** Opening Extracted material block **

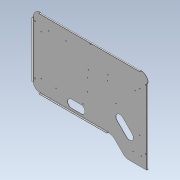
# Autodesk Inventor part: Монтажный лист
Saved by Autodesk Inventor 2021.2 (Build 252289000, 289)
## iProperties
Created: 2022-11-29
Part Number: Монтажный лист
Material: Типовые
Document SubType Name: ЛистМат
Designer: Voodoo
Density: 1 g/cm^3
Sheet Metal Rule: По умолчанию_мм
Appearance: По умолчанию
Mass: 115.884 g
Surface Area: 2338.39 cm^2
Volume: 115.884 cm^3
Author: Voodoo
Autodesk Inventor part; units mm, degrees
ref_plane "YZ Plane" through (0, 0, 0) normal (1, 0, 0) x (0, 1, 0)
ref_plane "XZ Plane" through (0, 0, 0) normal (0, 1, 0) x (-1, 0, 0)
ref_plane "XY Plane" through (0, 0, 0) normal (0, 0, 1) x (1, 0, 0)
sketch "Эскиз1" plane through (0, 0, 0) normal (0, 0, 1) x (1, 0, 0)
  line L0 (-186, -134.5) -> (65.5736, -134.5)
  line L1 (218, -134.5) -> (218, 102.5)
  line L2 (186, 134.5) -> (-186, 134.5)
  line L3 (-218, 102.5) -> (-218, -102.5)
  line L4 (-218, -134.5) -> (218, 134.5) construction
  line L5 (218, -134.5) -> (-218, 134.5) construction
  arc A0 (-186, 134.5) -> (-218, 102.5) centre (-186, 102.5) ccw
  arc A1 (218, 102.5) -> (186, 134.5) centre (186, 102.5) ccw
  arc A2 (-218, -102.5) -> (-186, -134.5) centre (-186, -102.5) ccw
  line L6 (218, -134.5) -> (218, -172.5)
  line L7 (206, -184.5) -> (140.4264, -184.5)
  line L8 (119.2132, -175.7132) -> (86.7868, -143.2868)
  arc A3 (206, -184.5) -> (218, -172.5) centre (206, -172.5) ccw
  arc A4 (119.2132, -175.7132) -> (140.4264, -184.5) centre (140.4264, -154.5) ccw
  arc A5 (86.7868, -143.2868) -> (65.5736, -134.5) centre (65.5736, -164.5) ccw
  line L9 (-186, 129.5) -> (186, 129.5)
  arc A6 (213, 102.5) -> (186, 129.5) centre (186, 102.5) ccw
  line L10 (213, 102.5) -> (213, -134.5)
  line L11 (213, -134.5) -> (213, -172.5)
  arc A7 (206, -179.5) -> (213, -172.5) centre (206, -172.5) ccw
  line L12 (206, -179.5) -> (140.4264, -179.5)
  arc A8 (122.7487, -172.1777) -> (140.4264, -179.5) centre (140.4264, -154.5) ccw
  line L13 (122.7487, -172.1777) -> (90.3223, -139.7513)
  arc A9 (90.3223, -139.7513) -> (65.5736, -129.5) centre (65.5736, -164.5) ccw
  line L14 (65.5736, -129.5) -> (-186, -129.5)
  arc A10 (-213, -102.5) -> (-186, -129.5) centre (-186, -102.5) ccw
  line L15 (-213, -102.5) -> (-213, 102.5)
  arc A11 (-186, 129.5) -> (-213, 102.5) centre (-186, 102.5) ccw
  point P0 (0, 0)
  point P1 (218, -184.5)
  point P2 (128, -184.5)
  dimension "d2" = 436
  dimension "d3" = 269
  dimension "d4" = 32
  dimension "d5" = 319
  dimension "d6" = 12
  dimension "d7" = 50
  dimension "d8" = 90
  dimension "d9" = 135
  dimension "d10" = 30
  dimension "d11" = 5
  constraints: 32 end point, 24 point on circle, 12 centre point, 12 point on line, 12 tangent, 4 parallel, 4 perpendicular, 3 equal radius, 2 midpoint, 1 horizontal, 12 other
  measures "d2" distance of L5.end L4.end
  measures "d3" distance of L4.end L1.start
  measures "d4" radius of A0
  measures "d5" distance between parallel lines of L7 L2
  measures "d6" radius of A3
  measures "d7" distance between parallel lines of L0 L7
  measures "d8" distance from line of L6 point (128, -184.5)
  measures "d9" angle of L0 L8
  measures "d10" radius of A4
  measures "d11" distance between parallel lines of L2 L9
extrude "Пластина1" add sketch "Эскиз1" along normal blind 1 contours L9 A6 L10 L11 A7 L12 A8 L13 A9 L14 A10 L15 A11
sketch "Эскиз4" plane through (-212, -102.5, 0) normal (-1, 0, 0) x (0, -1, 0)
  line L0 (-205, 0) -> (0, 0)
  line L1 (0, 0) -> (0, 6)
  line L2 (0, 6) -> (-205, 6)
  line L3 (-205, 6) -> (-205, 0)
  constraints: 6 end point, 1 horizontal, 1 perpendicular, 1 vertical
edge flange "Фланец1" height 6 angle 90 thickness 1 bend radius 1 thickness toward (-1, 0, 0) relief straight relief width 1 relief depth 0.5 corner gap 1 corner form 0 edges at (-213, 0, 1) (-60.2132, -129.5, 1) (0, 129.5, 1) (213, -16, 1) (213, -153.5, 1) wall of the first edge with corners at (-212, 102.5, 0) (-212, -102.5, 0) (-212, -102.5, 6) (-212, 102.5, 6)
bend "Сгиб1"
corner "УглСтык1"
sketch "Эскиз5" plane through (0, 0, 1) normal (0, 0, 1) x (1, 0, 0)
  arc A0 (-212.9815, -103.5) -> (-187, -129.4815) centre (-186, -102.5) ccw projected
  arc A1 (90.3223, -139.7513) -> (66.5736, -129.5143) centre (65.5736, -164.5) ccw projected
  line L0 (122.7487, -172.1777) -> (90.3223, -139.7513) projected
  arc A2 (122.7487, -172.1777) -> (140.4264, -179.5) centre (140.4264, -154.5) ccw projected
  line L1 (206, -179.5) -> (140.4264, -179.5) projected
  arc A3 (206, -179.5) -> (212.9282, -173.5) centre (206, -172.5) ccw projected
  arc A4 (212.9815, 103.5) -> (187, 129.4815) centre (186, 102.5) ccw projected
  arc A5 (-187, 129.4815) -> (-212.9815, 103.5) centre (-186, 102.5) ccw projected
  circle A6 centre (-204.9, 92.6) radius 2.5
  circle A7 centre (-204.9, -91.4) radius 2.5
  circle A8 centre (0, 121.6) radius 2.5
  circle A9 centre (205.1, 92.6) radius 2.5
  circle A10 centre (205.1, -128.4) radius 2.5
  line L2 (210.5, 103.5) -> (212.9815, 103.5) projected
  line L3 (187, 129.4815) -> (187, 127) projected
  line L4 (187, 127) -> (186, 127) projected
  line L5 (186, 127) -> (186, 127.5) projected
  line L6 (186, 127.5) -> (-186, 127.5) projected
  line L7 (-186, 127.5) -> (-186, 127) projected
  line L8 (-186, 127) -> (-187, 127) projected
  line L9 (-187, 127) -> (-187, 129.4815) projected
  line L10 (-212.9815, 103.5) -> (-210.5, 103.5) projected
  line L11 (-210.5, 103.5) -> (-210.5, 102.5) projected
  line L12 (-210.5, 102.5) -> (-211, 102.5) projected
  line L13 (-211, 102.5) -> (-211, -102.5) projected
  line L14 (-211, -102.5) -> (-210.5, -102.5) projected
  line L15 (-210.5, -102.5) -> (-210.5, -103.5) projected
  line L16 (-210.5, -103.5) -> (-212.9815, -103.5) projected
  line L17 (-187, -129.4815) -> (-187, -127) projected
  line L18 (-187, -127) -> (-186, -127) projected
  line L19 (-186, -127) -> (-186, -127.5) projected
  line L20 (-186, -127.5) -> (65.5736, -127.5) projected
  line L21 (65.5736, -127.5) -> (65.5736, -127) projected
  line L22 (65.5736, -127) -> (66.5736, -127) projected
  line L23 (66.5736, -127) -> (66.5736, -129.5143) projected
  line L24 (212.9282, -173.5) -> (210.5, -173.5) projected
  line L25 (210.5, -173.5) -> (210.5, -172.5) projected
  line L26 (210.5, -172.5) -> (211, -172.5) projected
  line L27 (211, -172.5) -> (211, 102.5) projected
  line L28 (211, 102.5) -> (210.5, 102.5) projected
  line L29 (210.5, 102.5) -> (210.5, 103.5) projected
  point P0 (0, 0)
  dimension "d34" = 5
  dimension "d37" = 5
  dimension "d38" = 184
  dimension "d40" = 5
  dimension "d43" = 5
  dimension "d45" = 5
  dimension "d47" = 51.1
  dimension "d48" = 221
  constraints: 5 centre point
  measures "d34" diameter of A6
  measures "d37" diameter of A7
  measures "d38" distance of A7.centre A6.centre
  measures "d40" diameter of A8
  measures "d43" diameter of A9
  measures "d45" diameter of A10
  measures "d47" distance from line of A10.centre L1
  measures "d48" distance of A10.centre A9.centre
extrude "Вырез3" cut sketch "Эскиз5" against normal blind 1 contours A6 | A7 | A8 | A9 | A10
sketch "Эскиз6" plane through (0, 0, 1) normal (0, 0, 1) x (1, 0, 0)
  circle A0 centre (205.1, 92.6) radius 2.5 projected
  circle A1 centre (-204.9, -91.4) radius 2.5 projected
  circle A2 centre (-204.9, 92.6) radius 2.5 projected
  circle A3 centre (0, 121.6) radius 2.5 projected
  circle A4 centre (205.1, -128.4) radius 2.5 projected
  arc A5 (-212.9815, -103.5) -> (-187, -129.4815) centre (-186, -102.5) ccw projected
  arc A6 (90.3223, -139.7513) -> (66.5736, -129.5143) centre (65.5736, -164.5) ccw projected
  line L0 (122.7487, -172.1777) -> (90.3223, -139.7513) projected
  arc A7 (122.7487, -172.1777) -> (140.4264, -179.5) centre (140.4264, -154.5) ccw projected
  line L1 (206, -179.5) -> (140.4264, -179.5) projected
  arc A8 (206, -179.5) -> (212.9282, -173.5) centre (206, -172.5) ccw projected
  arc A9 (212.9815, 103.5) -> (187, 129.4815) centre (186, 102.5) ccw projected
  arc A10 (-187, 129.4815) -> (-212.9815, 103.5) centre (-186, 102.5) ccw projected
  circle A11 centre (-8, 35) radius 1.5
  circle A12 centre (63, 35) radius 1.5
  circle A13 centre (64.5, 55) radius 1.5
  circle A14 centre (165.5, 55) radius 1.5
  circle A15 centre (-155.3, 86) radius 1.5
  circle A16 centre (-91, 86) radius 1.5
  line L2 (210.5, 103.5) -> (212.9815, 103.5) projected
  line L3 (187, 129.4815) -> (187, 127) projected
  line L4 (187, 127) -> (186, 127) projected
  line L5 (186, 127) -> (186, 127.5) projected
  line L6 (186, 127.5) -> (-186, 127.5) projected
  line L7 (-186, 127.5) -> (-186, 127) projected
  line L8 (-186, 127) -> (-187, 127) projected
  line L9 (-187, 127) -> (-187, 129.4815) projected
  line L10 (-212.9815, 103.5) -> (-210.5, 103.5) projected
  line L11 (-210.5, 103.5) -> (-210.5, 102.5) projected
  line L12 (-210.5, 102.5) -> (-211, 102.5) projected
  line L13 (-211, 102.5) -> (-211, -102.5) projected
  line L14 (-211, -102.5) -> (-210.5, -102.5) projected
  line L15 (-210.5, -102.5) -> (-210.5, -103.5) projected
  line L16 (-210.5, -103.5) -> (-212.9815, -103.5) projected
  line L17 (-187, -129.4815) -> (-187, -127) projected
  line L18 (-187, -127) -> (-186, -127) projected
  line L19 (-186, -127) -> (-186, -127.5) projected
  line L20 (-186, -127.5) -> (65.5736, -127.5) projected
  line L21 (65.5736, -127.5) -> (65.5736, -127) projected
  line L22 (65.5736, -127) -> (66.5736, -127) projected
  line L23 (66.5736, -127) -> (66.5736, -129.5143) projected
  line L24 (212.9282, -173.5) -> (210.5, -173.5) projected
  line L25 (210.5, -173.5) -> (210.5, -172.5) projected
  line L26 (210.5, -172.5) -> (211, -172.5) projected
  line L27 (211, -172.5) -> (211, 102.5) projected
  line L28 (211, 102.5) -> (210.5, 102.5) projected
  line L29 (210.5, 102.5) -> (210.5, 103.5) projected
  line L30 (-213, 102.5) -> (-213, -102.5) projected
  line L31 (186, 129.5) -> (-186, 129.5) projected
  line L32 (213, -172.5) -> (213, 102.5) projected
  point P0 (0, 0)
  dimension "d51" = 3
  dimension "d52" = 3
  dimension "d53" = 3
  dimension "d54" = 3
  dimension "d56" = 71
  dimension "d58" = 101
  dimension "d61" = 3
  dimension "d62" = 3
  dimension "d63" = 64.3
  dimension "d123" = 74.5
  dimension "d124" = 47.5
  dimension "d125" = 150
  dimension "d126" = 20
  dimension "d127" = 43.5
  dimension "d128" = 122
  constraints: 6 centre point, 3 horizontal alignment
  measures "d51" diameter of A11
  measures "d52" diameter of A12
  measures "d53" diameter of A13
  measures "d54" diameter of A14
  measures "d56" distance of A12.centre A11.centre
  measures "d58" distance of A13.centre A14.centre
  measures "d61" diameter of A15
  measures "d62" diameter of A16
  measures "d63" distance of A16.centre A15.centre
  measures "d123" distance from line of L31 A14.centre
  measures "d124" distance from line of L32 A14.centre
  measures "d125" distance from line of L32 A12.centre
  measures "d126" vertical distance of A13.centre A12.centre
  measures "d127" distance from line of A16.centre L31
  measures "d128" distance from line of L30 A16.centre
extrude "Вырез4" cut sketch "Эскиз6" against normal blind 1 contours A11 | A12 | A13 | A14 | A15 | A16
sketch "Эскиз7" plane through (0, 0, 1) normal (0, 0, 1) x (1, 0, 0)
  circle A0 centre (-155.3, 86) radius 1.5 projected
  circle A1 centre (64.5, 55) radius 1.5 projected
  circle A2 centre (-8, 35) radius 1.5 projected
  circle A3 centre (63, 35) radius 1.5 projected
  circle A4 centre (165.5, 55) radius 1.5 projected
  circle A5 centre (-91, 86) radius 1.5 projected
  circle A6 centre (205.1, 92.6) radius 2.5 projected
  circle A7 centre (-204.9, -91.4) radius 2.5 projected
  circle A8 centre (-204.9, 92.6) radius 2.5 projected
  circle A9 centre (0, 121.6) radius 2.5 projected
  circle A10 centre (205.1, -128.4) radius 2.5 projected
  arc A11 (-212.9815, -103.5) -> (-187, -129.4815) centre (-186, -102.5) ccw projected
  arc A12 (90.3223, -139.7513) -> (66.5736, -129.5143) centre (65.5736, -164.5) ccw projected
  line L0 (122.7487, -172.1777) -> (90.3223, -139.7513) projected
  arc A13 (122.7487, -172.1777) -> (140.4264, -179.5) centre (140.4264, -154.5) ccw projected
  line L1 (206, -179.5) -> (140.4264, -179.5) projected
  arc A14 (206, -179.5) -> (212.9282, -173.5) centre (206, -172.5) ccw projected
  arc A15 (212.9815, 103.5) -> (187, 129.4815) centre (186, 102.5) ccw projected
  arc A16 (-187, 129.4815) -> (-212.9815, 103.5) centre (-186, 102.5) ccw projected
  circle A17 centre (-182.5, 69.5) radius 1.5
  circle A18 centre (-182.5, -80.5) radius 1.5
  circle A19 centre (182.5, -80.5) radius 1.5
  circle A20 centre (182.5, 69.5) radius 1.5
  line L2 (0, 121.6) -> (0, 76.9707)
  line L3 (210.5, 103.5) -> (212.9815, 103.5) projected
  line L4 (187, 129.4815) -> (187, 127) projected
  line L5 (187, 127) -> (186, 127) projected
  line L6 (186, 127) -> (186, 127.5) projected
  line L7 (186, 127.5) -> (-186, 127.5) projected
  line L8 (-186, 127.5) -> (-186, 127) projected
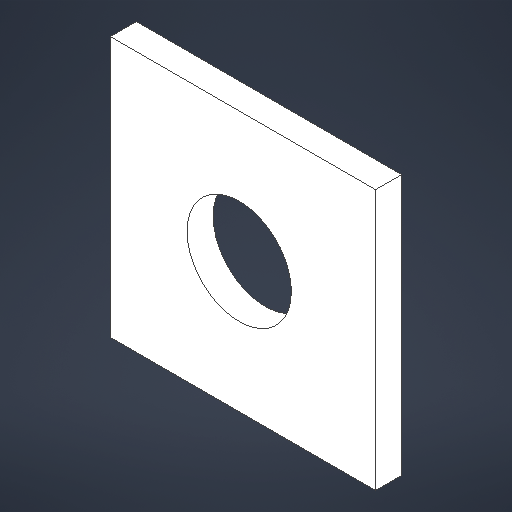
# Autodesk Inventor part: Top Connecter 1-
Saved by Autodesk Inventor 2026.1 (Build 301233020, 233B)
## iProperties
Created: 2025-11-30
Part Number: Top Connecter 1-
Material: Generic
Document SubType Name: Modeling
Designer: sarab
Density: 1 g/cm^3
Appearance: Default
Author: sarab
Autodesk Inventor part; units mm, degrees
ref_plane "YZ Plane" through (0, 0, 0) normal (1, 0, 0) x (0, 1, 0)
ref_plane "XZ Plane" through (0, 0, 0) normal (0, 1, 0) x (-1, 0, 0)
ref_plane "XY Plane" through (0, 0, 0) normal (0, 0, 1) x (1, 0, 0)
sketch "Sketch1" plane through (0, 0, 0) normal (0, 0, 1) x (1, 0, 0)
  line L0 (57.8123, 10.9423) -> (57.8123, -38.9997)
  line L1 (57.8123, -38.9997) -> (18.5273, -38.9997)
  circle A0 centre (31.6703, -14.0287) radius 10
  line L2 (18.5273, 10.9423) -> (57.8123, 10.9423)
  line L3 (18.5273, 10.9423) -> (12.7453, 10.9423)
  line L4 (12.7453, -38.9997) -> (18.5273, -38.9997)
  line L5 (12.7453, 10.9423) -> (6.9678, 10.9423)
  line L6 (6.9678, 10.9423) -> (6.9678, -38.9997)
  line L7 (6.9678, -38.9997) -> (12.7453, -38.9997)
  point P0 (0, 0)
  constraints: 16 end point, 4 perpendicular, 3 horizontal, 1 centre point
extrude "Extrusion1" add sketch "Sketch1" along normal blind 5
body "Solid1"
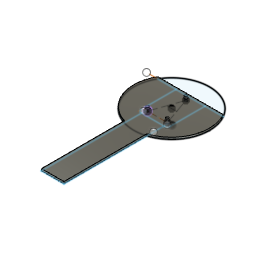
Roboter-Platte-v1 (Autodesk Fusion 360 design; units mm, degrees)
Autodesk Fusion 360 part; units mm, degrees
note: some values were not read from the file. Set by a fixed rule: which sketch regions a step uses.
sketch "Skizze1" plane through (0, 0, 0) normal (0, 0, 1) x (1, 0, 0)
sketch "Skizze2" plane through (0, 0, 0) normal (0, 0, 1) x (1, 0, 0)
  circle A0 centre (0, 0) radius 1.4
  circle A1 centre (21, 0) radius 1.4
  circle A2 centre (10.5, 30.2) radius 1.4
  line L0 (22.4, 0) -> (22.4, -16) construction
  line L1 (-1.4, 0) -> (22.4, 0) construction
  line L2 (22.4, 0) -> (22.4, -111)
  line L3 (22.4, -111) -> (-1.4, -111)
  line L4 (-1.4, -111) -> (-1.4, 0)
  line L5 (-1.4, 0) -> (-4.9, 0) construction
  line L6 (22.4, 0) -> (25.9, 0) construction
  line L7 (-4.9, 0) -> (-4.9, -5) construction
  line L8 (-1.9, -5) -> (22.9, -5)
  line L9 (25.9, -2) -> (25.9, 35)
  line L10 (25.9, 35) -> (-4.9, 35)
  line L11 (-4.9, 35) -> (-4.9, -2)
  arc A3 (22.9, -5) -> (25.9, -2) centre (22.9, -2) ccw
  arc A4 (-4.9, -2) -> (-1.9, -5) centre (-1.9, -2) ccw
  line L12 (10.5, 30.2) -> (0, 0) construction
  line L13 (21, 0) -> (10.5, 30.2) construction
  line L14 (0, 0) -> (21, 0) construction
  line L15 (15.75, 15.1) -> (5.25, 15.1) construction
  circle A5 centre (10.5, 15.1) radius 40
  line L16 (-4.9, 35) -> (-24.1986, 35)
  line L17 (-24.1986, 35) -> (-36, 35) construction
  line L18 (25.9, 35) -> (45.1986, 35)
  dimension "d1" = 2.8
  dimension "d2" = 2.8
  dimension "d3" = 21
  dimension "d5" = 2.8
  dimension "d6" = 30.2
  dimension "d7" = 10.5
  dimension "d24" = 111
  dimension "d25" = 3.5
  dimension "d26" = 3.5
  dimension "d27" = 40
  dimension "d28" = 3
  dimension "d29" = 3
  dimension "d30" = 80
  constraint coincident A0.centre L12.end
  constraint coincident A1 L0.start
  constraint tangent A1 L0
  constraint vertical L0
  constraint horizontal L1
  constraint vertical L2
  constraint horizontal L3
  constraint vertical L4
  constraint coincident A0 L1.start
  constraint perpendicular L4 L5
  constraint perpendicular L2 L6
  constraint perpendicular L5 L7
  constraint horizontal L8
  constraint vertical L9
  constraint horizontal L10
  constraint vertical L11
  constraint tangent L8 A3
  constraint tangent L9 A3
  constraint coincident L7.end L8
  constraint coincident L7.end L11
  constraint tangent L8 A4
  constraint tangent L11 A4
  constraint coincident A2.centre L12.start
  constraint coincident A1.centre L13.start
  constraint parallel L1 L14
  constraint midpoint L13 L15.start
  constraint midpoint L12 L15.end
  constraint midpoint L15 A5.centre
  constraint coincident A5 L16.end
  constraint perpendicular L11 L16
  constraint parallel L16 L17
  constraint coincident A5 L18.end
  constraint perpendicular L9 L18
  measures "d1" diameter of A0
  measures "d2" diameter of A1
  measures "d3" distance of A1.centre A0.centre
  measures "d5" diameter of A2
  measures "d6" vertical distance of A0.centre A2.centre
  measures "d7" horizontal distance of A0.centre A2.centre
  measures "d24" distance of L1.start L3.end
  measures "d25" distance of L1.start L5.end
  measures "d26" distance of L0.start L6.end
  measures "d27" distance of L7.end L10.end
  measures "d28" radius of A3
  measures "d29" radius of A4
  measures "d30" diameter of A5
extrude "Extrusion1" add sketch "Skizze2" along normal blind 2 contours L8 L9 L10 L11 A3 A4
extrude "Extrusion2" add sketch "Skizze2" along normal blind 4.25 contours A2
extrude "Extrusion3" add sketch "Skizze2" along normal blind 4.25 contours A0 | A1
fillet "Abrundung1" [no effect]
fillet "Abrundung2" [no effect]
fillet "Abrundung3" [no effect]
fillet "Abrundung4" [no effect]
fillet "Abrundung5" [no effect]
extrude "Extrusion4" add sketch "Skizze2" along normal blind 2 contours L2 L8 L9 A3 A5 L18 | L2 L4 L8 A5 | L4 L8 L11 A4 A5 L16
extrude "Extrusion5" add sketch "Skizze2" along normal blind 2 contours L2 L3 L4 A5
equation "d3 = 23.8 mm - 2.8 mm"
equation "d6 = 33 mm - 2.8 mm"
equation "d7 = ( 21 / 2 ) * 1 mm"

** Closing Extracted material block **

**Work to be completed**. Print exactly the lines running from the start of the entries above to the line with "arc A3 (206, -184.5)", both included; leave out any pictures.

**Result for this task**.
# Autodesk Inventor part: Монтажный лист
Saved by Autodesk Inventor 2021.2 (Build 252289000, 289)
## iProperties
Created: 2022-11-29
Part Number: Монтажный лист
Material: Типовые
Document SubType Name: ЛистМат
Designer: Voodoo
Density: 1 g/cm^3
Sheet Metal Rule: По умолчанию_мм
Appearance: По умолчанию
Mass: 115.884 g
Surface Area: 2338.39 cm^2
Volume: 115.884 cm^3
Author: Voodoo
Autodesk Inventor part; units mm, degrees
ref_plane "YZ Plane" through (0, 0, 0) normal (1, 0, 0) x (0, 1, 0)
ref_plane "XZ Plane" through (0, 0, 0) normal (0, 1, 0) x (-1, 0, 0)
ref_plane "XY Plane" through (0, 0, 0) normal (0, 0, 1) x (1, 0, 0)
sketch "Эскиз1" plane through (0, 0, 0) normal (0, 0, 1) x (1, 0, 0)
  line L0 (-186, -134.5) -> (65.5736, -134.5)
  line L1 (218, -134.5) -> (218, 102.5)
  line L2 (186, 134.5) -> (-186, 134.5)
  line L3 (-218, 102.5) -> (-218, -102.5)
  line L4 (-218, -134.5) -> (218, 134.5) construction
  line L5 (218, -134.5) -> (-218, 134.5) construction
  arc A0 (-186, 134.5) -> (-218, 102.5) centre (-186, 102.5) ccw
  arc A1 (218, 102.5) -> (186, 134.5) centre (186, 102.5) ccw
  arc A2 (-218, -102.5) -> (-186, -134.5) centre (-186, -102.5) ccw
  line L6 (218, -134.5) -> (218, -172.5)
  line L7 (206, -184.5) -> (140.4264, -184.5)
  line L8 (119.2132, -175.7132) -> (86.7868, -143.2868)
  arc A3 (206, -184.5) -> (218, -172.5) centre (206, -172.5) ccw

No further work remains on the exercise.